1. the four-way array sonic location system based on neural network, is characterized in that: use is pointed the position difference of knocking desktop and represented different key assignments key mappings, replaces the input mode of conventional keyboard.By multichannel collecting knocking sound, via the estimation of broad sense cross correlation function time delay and neural computing, obtain sound source position.

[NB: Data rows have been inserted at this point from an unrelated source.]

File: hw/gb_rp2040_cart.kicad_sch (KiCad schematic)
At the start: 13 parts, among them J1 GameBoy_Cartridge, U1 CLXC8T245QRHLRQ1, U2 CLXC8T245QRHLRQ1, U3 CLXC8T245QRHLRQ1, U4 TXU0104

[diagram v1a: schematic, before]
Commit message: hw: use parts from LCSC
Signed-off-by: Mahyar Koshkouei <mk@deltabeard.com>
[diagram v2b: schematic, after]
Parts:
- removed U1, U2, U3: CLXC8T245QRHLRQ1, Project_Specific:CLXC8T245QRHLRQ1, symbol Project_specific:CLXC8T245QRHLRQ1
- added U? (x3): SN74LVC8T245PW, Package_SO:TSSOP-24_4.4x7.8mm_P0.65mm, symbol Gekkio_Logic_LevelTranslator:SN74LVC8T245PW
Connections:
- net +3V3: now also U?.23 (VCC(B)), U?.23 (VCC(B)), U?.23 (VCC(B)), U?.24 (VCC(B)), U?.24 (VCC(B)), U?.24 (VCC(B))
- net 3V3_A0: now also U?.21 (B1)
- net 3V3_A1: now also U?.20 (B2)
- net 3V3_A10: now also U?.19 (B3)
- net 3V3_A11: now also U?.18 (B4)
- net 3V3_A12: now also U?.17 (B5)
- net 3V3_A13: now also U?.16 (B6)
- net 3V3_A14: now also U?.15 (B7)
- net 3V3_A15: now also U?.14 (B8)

2. multichannel collecting system according to claim 1, is characterized in that: synchronous acquisition multi channel signals, amplification, fidelity audio system.

3. the auditory localization algorithm that broad sense cross correlation function according to claim 1 is combined with neural network, it is characterized in that, under middle low sampling rate condition, calculate accurately sound source position, opposing noise, the factors such as echo reflection, with test repeatedly under objective environment condition, discrimination reaches 95%.